I'm interested in this too, but for the time being I think I'm going to focus energy into something more conventional that I can train someone to do for me. If I put enough time into a venture like this I can be paying some college aged kid a good wage to manage most aspects of this business (customer service, rentals, check-ins/outs, cash handling, etc) and then another individual to assist the manager making less, but still decent wages.
 
A scooter rental place recently opened up just in front of my apartment. It does exactly the same thing you are trying to do. Around 20 scooters, huge foot traffic, they also carry mopeds. Anyways if your a legitimately looking into it, I can be a little school girl and ask them what the dealio is, so you don't have to do everything trail and error.

The biggest thing I'm interested in is insurance. Foremost, if I have employees I will need work-comp. Then there is general and liability for the physical business. Then insurance for the equipment while being rented, then insurance if someone drives the scooter off a cliff, is unfortunate enough not to die, and racks up 2.7million in medical bills getting "better"
 
The biggest thing I'm interested in is insurance.

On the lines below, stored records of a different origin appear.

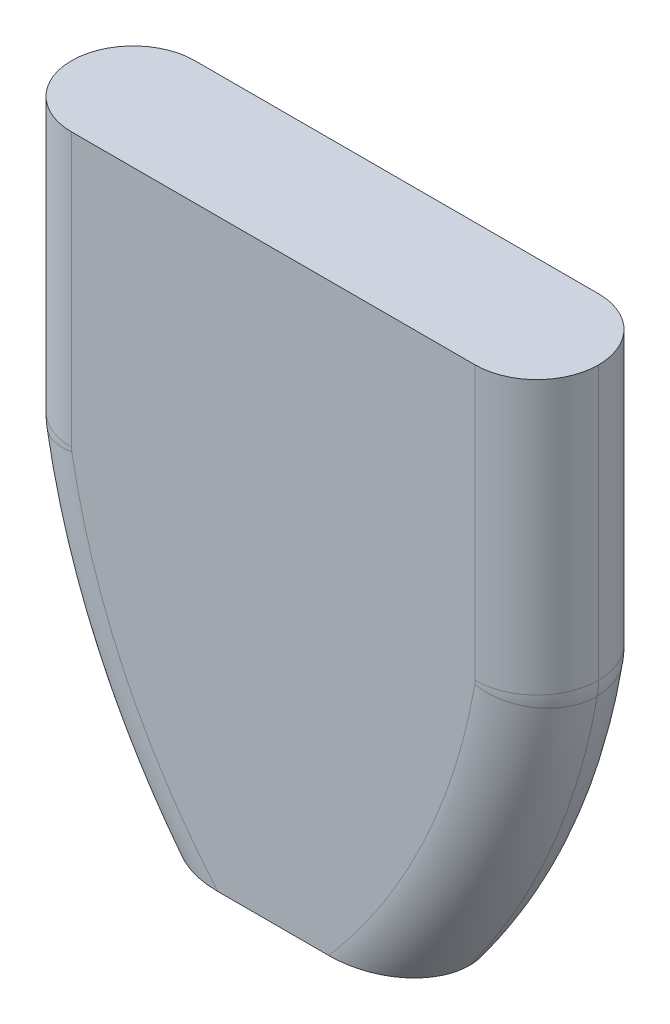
ISO-10303-21;
HEADER;
FILE_DESCRIPTION(('STEP AP214'),'2;1');
FILE_NAME('part.step','',(''),(''),'','','');
FILE_SCHEMA(('AUTOMOTIVE_DESIGN { 1 0 10303 214 1 1 1 1 }'));
ENDSEC;
DATA;
#1=APPLICATION_CONTEXT('core data for automotive mechanical design processes');
#2=APPLICATION_PROTOCOL_DEFINITION('international standard','automotive_design',2000,#1);
#3=PRODUCT_CONTEXT('',#1,'mechanical');
#4=PRODUCT('Part','Part','',(#3));
#5=PRODUCT_RELATED_PRODUCT_CATEGORY('part','',(#4));
#6=PRODUCT_DEFINITION_FORMATION('','',#4);
#7=PRODUCT_DEFINITION_CONTEXT('part definition',#1,'design');
#8=PRODUCT_DEFINITION('design','',#6,#7);
#9=PRODUCT_DEFINITION_SHAPE('','',#8);
#10=(LENGTH_UNIT() NAMED_UNIT(*) SI_UNIT(.MILLI.,.METRE.));
#11=(NAMED_UNIT(*) PLANE_ANGLE_UNIT() SI_UNIT($,.RADIAN.));
#12=(NAMED_UNIT(*) SI_UNIT($,.STERADIAN.) SOLID_ANGLE_UNIT());
#13=UNCERTAINTY_MEASURE_WITH_UNIT(LENGTH_MEASURE(1.E-05),#10,'distance_accuracy_value','');
#14=(GEOMETRIC_REPRESENTATION_CONTEXT(3) GLOBAL_UNCERTAINTY_ASSIGNED_CONTEXT((#13)) GLOBAL_UNIT_ASSIGNED_CONTEXT((#10,
#11,#12)) REPRESENTATION_CONTEXT('',''));
#15=CARTESIAN_POINT('',(0.,0.,0.));
#16=DIRECTION('',(0.,0.,1.));
#17=DIRECTION('',(1.,0.,0.));
#18=AXIS2_PLACEMENT_3D('',#15,#16,#17);
#19=CARTESIAN_POINT('',(-23.9835705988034,21.2,11.));
#20=DIRECTION('',(0.,1.,0.));
#21=DIRECTION('',(0.,0.,1.));
#22=AXIS2_PLACEMENT_3D('',#19,#20,#21);
#23=PLANE('',#22);
#24=DIRECTION('',(1.,0.,0.));
#25=VECTOR('',#24,1.);
#26=CARTESIAN_POINT('',(-23.9835705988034,21.2,-11.));
#27=LINE('',#26,#25);
#28=CARTESIAN_POINT('',(-9.89247671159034,21.2,-11.));
#29=VERTEX_POINT('',#28);
#30=CARTESIAN_POINT('',(9.89247671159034,21.2,-11.));
#31=VERTEX_POINT('',#30);
#32=EDGE_CURVE('E516',#29,#31,#27,.T.);
#33=ORIENTED_EDGE('',*,*,#32,.T.);
#34=CARTESIAN_POINT('',(9.89247671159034,21.2,-11.));
#35=CARTESIAN_POINT('',(10.3559519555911,21.2,-10.9999702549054));
#36=CARTESIAN_POINT('',(10.8195148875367,21.2,-10.9832334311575));
#37=CARTESIAN_POINT('',(11.7445224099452,21.2,-10.9153931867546));
#38=CARTESIAN_POINT('',(12.2059647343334,21.2,-10.8642590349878));
#39=CARTESIAN_POINT('',(13.1269797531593,21.2,-10.7261614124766));
#40=CARTESIAN_POINT('',(13.5865136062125,21.2,-10.6389366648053));
#41=CARTESIAN_POINT('',(14.4969021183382,21.2,-10.4275508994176));
#42=CARTESIAN_POINT('',(14.9477598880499,21.2,-10.303403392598));
#43=CARTESIAN_POINT('',(15.7691077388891,21.2,-10.0389466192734));
#44=CARTESIAN_POINT('',(16.1413342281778,21.2,-9.90402164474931));
#45=CARTESIAN_POINT('',(16.8745855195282,21.2,-9.60609086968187));
#46=CARTESIAN_POINT('',(17.2356064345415,21.2,-9.44307545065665));
#47=CARTESIAN_POINT('',(17.9423696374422,21.2,-9.08887556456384));
#48=CARTESIAN_POINT('',(18.2881508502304,21.2,-8.89776900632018));
#49=CARTESIAN_POINT('',(18.9619336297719,21.2,-8.48672590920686));
#50=CARTESIAN_POINT('',(19.2899464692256,21.2,-8.26680795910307));
#51=CARTESIAN_POINT('',(19.8627640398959,21.2,-7.84359781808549));
#52=CARTESIAN_POINT('',(20.1113390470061,21.2,-7.64539906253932));
#53=CARTESIAN_POINT('',(20.5922942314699,21.2,-7.2303817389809));
#54=CARTESIAN_POINT('',(20.8246817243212,21.2,-7.01357168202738));
#55=CARTESIAN_POINT('',(21.2711099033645,21.2,-6.56149793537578));
#56=CARTESIAN_POINT('',(21.4851387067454,21.2,-6.32622247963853));
#57=CARTESIAN_POINT('',(21.8921176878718,21.2,-5.83804754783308));
#58=CARTESIAN_POINT('',(22.0850679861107,21.2,-5.58514817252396));
#59=CARTESIAN_POINT('',(22.4489827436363,21.2,-5.06030531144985));
#60=CARTESIAN_POINT('',(22.6197164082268,21.2,-4.78820123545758));
#61=CARTESIAN_POINT('',(22.9342134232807,21.2,-4.22884629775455));
#62=CARTESIAN_POINT('',(23.0779817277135,21.2,-3.94159823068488));
#63=CARTESIAN_POINT('',(23.3357414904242,21.2,-3.35465211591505));
#64=CARTESIAN_POINT('',(23.4497898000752,21.2,-3.05497912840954));
#65=CARTESIAN_POINT('',(23.6461404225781,21.2,-2.4455844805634));
#66=CARTESIAN_POINT('',(23.72846219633,21.2,-2.13586910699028));
#67=CARTESIAN_POINT('',(23.8568066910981,21.2,-1.5231195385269));
#68=CARTESIAN_POINT('',(23.9042639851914,21.2,-1.22038871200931));
#69=CARTESIAN_POINT('',(23.9518024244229,21.2,-0.763971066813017));
#70=CARTESIAN_POINT('',(23.9637073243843,21.2,-0.611437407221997));
#71=CARTESIAN_POINT('',(23.9795931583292,21.2,-0.30594499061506));
#72=CARTESIAN_POINT('',(23.9835734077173,21.2,-0.152986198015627));
#73=CARTESIAN_POINT('',(23.9835705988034,21.2,0.));
#74=B_SPLINE_CURVE_WITH_KNOTS('',3,(#34,#35,#36,#37,#38,#39,#40,#41,#42,#43,#44,#45,#46,#47,#48,
#49,#50,#51,#52,#53,#54,#55,#56,#57,#58,#59,#60,#61,#62,#63,#64,#65,#66,#67,#68,#69,#70,#71,#72,
#73),.UNSPECIFIED.,.F.,.F.,(4,2,2,2,2,2,2,2,2,2,2,2,2,2,2,2,2,2,2,4),(0.,1.39025888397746,
2.78176149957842,4.1835191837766,5.58476456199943,6.77148037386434,7.95860334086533,
9.14249394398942,10.3256244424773,11.2785057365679,12.2309535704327,13.1840133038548,
14.1370675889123,15.0993434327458,16.0614423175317,17.021687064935,17.9813418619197,
18.8988778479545,19.3576908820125,19.8165435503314),.UNSPECIFIED.);
#75=CARTESIAN_POINT('',(23.9835705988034,21.2,0.));
#76=VERTEX_POINT('',#75);
#77=EDGE_CURVE('E579',#31,#76,#74,.T.);
#78=ORIENTED_EDGE('',*,*,#77,.T.);
#79=CARTESIAN_POINT('',(23.9835705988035,21.2,0.));
#80=CARTESIAN_POINT('',(23.9835720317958,21.2,0.132510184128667));
#81=CARTESIAN_POINT('',(23.980586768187,21.2,0.265001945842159));
#82=CARTESIAN_POINT('',(23.9686652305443,21.2,0.529712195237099));
#83=CARTESIAN_POINT('',(23.9597291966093,21.2,0.661930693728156));
#84=CARTESIAN_POINT('',(23.9240442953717,21.2,1.05765866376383));
#85=CARTESIAN_POINT('',(23.8884185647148,21.2,1.32042102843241));
#86=CARTESIAN_POINT('',(23.794305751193,21.2,1.84028020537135));
#87=CARTESIAN_POINT('',(23.7359449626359,21.2,2.09740016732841));
#88=CARTESIAN_POINT('',(23.597220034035,21.2,2.60564827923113));
#89=CARTESIAN_POINT('',(23.5168544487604,21.2,2.85677603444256));
#90=CARTESIAN_POINT('',(23.3354068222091,21.2,3.35092861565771));
#91=CARTESIAN_POINT('',(23.2343599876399,21.2,3.59396640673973));
#92=CARTESIAN_POINT('',(23.0127422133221,21.2,4.07106491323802));
#93=CARTESIAN_POINT('',(22.8921636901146,21.2,4.30512209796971));
#94=CARTESIAN_POINT('',(22.6328656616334,21.2,4.7631498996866));
#95=CARTESIAN_POINT('',(22.4941338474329,21.2,4.98711353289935));
#96=CARTESIAN_POINT('',(22.2000490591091,21.2,5.42394254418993));
#97=CARTESIAN_POINT('',(22.0446898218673,21.2,5.63680369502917));
#98=CARTESIAN_POINT('',(21.7084713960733,21.2,6.06390363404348));
#99=CARTESIAN_POINT('',(21.5266163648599,21.2,6.27735780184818));
#100=CARTESIAN_POINT('',(21.1475738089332,21.2,6.69030188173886));
#101=CARTESIAN_POINT('',(20.9503802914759,21.2,6.8897862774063));
#102=CARTESIAN_POINT('',(20.5424700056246,21.2,7.27429784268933));
#103=CARTESIAN_POINT('',(20.3317561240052,21.2,7.45932807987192));
#104=CARTESIAN_POINT('',(19.8983503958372,21.2,7.8148097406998));
#105=CARTESIAN_POINT('',(19.6756562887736,21.2,7.98525839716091));
#106=CARTESIAN_POINT('',(19.1171409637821,21.2,8.38495908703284));
#107=CARTESIAN_POINT('',(18.7755172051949,21.2,8.6061469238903));
#108=CARTESIAN_POINT('',(18.0742757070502,21.2,9.01794115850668));
#109=CARTESIAN_POINT('',(17.7146516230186,21.2,9.20853667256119));
#110=CARTESIAN_POINT('',(16.9799109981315,21.2,9.56016167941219));
#111=CARTESIAN_POINT('',(16.6047501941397,21.2,9.72109839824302));
#112=CARTESIAN_POINT('',(15.8430682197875,21.2,10.0133918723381));
#113=CARTESIAN_POINT('',(15.4565453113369,21.2,10.1447440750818));
#114=CARTESIAN_POINT('',(14.6454020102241,21.2,10.3874432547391));
#115=CARTESIAN_POINT('',(14.2201074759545,21.2,10.4965331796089));
#116=CARTESIAN_POINT('',(13.3624462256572,21.2,10.682343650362));
#117=CARTESIAN_POINT('',(12.930077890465,21.2,10.7590566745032));
#118=CARTESIAN_POINT('',(12.0643669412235,21.2,10.8805153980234));
#119=CARTESIAN_POINT('',(11.6310585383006,21.2,10.9255069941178));
#120=CARTESIAN_POINT('',(10.7626363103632,21.2,10.9852275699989));
#121=CARTESIAN_POINT('',(10.327523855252,21.2,10.9999763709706));
#122=CARTESIAN_POINT('',(9.89247671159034,21.2,11.));
#123=B_SPLINE_CURVE_WITH_KNOTS('',3,(#79,#80,#81,#82,#83,#84,#85,#86,#87,#88,#89,#90,#91,#92,
#93,#94,#95,#96,#97,#98,#99,#100,#101,#102,#103,#104,#105,#106,#107,#108,#109,#110,#111,#112,
#113,#114,#115,#116,#117,#118,#119,#120,#121,#122),.UNSPECIFIED.,.F.,.F.,(4,2,2,2,2,2,2,2,2,2,2,
2,2,2,2,2,2,2,2,2,2,4),(0.,0.39746040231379,0.794904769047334,1.58925422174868,2.37925254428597,
3.16930276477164,3.95801906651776,4.74704233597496,5.53660340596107,6.32646293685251,
7.16690125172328,8.00766959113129,8.84825900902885,9.68900759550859,10.908180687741,
12.1277865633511,13.3511449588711,14.5746914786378,15.8905517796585,17.2067176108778,
18.5125652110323,19.8175566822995),.UNSPECIFIED.);
#124=CARTESIAN_POINT('',(9.89247671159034,21.2,11.));
#125=VERTEX_POINT('',#124);
#126=EDGE_CURVE('E483',#76,#125,#123,.T.);
#127=ORIENTED_EDGE('',*,*,#126,.T.);
#128=DIRECTION('',(1.,0.,0.));
#129=VECTOR('',#128,1.);
#130=CARTESIAN_POINT('',(-23.9835705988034,21.2,11.));
#131=LINE('',#130,#129);
#132=CARTESIAN_POINT('',(-9.89247671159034,21.2,11.));
#133=VERTEX_POINT('',#132);
#134=EDGE_CURVE('E522',#133,#125,#131,.T.);
#135=ORIENTED_EDGE('',*,*,#134,.F.);
#136=CARTESIAN_POINT('',(-9.89247671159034,21.2,11.));
#137=CARTESIAN_POINT('',(-10.3559519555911,21.2,10.9999702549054));
#138=CARTESIAN_POINT('',(-10.8195148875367,21.2,10.9832334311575));
#139=CARTESIAN_POINT('',(-11.7445224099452,21.2,10.9153931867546));
#140=CARTESIAN_POINT('',(-12.2059647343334,21.2,10.8642590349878));
#141=CARTESIAN_POINT('',(-13.1269797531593,21.2,10.7261614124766));
#142=CARTESIAN_POINT('',(-13.5865136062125,21.2,10.6389366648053));
#143=CARTESIAN_POINT('',(-14.4969021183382,21.2,10.4275508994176));
#144=CARTESIAN_POINT('',(-14.9477598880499,21.2,10.303403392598));
#145=CARTESIAN_POINT('',(-15.7691077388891,21.2,10.0389466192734));
#146=CARTESIAN_POINT('',(-16.1413342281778,21.2,9.90402164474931));
#147=CARTESIAN_POINT('',(-16.8745855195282,21.2,9.60609086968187));
#148=CARTESIAN_POINT('',(-17.2356064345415,21.2,9.44307545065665));
#149=CARTESIAN_POINT('',(-17.9423696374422,21.2,9.08887556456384));
#150=CARTESIAN_POINT('',(-18.2881508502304,21.2,8.89776900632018));
#151=CARTESIAN_POINT('',(-18.9619336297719,21.2,8.48672590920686));
#152=CARTESIAN_POINT('',(-19.2899464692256,21.2,8.26680795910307));
#153=CARTESIAN_POINT('',(-19.8627640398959,21.2,7.84359781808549));
#154=CARTESIAN_POINT('',(-20.1113390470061,21.2,7.64539906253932));
#155=CARTESIAN_POINT('',(-20.5922942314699,21.2,7.2303817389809));
#156=CARTESIAN_POINT('',(-20.8246817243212,21.2,7.01357168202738));
#157=CARTESIAN_POINT('',(-21.2711099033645,21.2,6.56149793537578));
#158=CARTESIAN_POINT('',(-21.4851387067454,21.2,6.32622247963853));
#159=CARTESIAN_POINT('',(-21.8921176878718,21.2,5.83804754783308));
#160=CARTESIAN_POINT('',(-22.0850679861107,21.2,5.58514817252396));
#161=CARTESIAN_POINT('',(-22.4489827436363,21.2,5.06030531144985));
#162=CARTESIAN_POINT('',(-22.6197164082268,21.2,4.78820123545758));
#163=CARTESIAN_POINT('',(-22.9342134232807,21.2,4.22884629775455));
#164=CARTESIAN_POINT('',(-23.0779817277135,21.2,3.94159823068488));
#165=CARTESIAN_POINT('',(-23.3357414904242,21.2,3.35465211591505));
#166=CARTESIAN_POINT('',(-23.4497898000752,21.2,3.05497912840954));
#167=CARTESIAN_POINT('',(-23.6461404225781,21.2,2.4455844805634));
#168=CARTESIAN_POINT('',(-23.72846219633,21.2,2.13586910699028));
#169=CARTESIAN_POINT('',(-23.8568066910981,21.2,1.5231195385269));
#170=CARTESIAN_POINT('',(-23.9042639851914,21.2,1.22038871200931));
#171=CARTESIAN_POINT('',(-23.9518024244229,21.2,0.763971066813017));
#172=CARTESIAN_POINT('',(-23.9637073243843,21.2,0.611437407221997));
#173=CARTESIAN_POINT('',(-23.9795931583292,21.2,0.30594499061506));
#174=CARTESIAN_POINT('',(-23.9835734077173,21.2,0.152986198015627));
#175=CARTESIAN_POINT('',(-23.9835705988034,21.2,0.));
#176=B_SPLINE_CURVE_WITH_KNOTS('',3,(#136,#137,#138,#139,#140,#141,#142,#143,#144,#145,#146,
#147,#148,#149,#150,#151,#152,#153,#154,#155,#156,#157,#158,#159,#160,#161,#162,#163,#164,#165,
#166,#167,#168,#169,#170,#171,#172,#173,#174,#175),.UNSPECIFIED.,.F.,.F.,(4,2,2,2,2,2,2,2,2,2,2,
2,2,2,2,2,2,2,2,4),(0.,1.39025888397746,2.78176149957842,4.1835191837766,5.58476456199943,
6.77148037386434,7.95860334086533,9.14249394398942,10.3256244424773,11.2785057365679,
12.2309535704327,13.1840133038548,14.1370675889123,15.0993434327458,16.0614423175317,
17.021687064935,17.9813418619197,18.8988778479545,19.3576908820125,19.8165435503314),.UNSPECIFIED.);
#177=CARTESIAN_POINT('',(-23.9835705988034,21.2,0.));
#178=VERTEX_POINT('',#177);
#179=EDGE_CURVE('E527',#133,#178,#176,.T.);
#180=ORIENTED_EDGE('',*,*,#179,.T.);
#181=CARTESIAN_POINT('',(-23.9835705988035,21.2,0.));
#182=CARTESIAN_POINT('',(-23.9835720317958,21.2,-0.132510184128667));
#183=CARTESIAN_POINT('',(-23.980586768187,21.2,-0.265001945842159));
#184=CARTESIAN_POINT('',(-23.9686652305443,21.2,-0.529712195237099));
#185=CARTESIAN_POINT('',(-23.9597291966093,21.2,-0.661930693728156));
#186=CARTESIAN_POINT('',(-23.9240442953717,21.2,-1.05765866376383));
#187=CARTESIAN_POINT('',(-23.8884185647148,21.2,-1.32042102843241));
#188=CARTESIAN_POINT('',(-23.794305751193,21.2,-1.84028020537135));
#189=CARTESIAN_POINT('',(-23.7359449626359,21.2,-2.09740016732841));
#190=CARTESIAN_POINT('',(-23.597220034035,21.2,-2.60564827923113));
#191=CARTESIAN_POINT('',(-23.5168544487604,21.2,-2.85677603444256));
#192=CARTESIAN_POINT('',(-23.3354068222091,21.2,-3.35092861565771));
#193=CARTESIAN_POINT('',(-23.2343599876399,21.2,-3.59396640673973));
#194=CARTESIAN_POINT('',(-23.0127422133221,21.2,-4.07106491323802));
#195=CARTESIAN_POINT('',(-22.8921636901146,21.2,-4.30512209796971));
#196=CARTESIAN_POINT('',(-22.6328656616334,21.2,-4.7631498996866));
#197=CARTESIAN_POINT('',(-22.4941338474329,21.2,-4.98711353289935));
#198=CARTESIAN_POINT('',(-22.2000490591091,21.2,-5.42394254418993));
#199=CARTESIAN_POINT('',(-22.0446898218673,21.2,-5.63680369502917));
#200=CARTESIAN_POINT('',(-21.7084713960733,21.2,-6.06390363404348));
#201=CARTESIAN_POINT('',(-21.5266163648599,21.2,-6.27735780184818));
#202=CARTESIAN_POINT('',(-21.1475738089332,21.2,-6.69030188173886));
#203=CARTESIAN_POINT('',(-20.9503802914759,21.2,-6.8897862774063));
#204=CARTESIAN_POINT('',(-20.5424700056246,21.2,-7.27429784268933));
#205=CARTESIAN_POINT('',(-20.3317561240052,21.2,-7.45932807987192));
#206=CARTESIAN_POINT('',(-19.8983503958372,21.2,-7.8148097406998));
#207=CARTESIAN_POINT('',(-19.6756562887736,21.2,-7.98525839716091));
#208=CARTESIAN_POINT('',(-19.1171409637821,21.2,-8.38495908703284));
#209=CARTESIAN_POINT('',(-18.7755172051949,21.2,-8.6061469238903));
#210=CARTESIAN_POINT('',(-18.0742757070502,21.2,-9.01794115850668));
#211=CARTESIAN_POINT('',(-17.7146516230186,21.2,-9.20853667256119));
#212=CARTESIAN_POINT('',(-16.9799109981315,21.2,-9.56016167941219));
#213=CARTESIAN_POINT('',(-16.6047501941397,21.2,-9.72109839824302));
#214=CARTESIAN_POINT('',(-15.8430682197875,21.2,-10.0133918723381));
#215=CARTESIAN_POINT('',(-15.4565453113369,21.2,-10.1447440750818));
#216=CARTESIAN_POINT('',(-14.6454020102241,21.2,-10.3874432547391));
#217=CARTESIAN_POINT('',(-14.2201074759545,21.2,-10.4965331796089));
#218=CARTESIAN_POINT('',(-13.3624462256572,21.2,-10.682343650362));
#219=CARTESIAN_POINT('',(-12.930077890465,21.2,-10.7590566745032));
#220=CARTESIAN_POINT('',(-12.0643669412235,21.2,-10.8805153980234));
#221=CARTESIAN_POINT('',(-11.6310585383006,21.2,-10.9255069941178));
#222=CARTESIAN_POINT('',(-10.7626363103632,21.2,-10.9852275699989));
#223=CARTESIAN_POINT('',(-10.327523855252,21.2,-10.9999763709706));
#224=CARTESIAN_POINT('',(-9.89247671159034,21.2,-11.));
#225=B_SPLINE_CURVE_WITH_KNOTS('',3,(#181,#182,#183,#184,#185,#186,#187,#188,#189,#190,#191,
#192,#193,#194,#195,#196,#197,#198,#199,#200,#201,#202,#203,#204,#205,#206,#207,#208,#209,#210,
#211,#212,#213,#214,#215,#216,#217,#218,#219,#220,#221,#222,#223,#224),.UNSPECIFIED.,.F.,.F.,(4,
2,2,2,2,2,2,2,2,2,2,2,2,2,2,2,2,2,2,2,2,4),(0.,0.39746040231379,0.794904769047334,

Foremost, if I have employees I will need work-comp. Then there is general and liability for the physical business. Then insurance for the equipment while being rented, then insurance if someone drives the scooter off a cliff, is unfortunate enough not to die, and racks up 2.7million in medical bills getting "better"

Yea. I have no clue. I was only offering to ask them whatever questions you might have on my way home.
 
If you wouldn't mind, asking them a ballpark figure on what they spend in insurance overall for the full operation (monthly/semi-yearly/yearly/whatever) would be killer
 
here's a wild and crazy idea I had. 6 steps to riches!

1) say no to scooters
2) make a website
3) write compelling content
4) monetize other than adsense
5) ???????????
6) profit

then you don't have to worry about a ton of risk that is involved in an offline biz.
 
I think you're right that insurance will be the key part and probably very expensive.

I've spent a lot of time in touristy places in Thailand where everyone and their mother rents out scooters.

Consider that you're going to get a lot of repairs and damaged bikes. People rent these things without thinking it through and then crash it. For this reason, you probably need to take a large security deposit on card or in cash. Also look into how much you can get selling the older bikes off once they break down more than they run.

I think it can be very profitable though if you get a good deal with a mechanic and insurance. It's very little work at that point.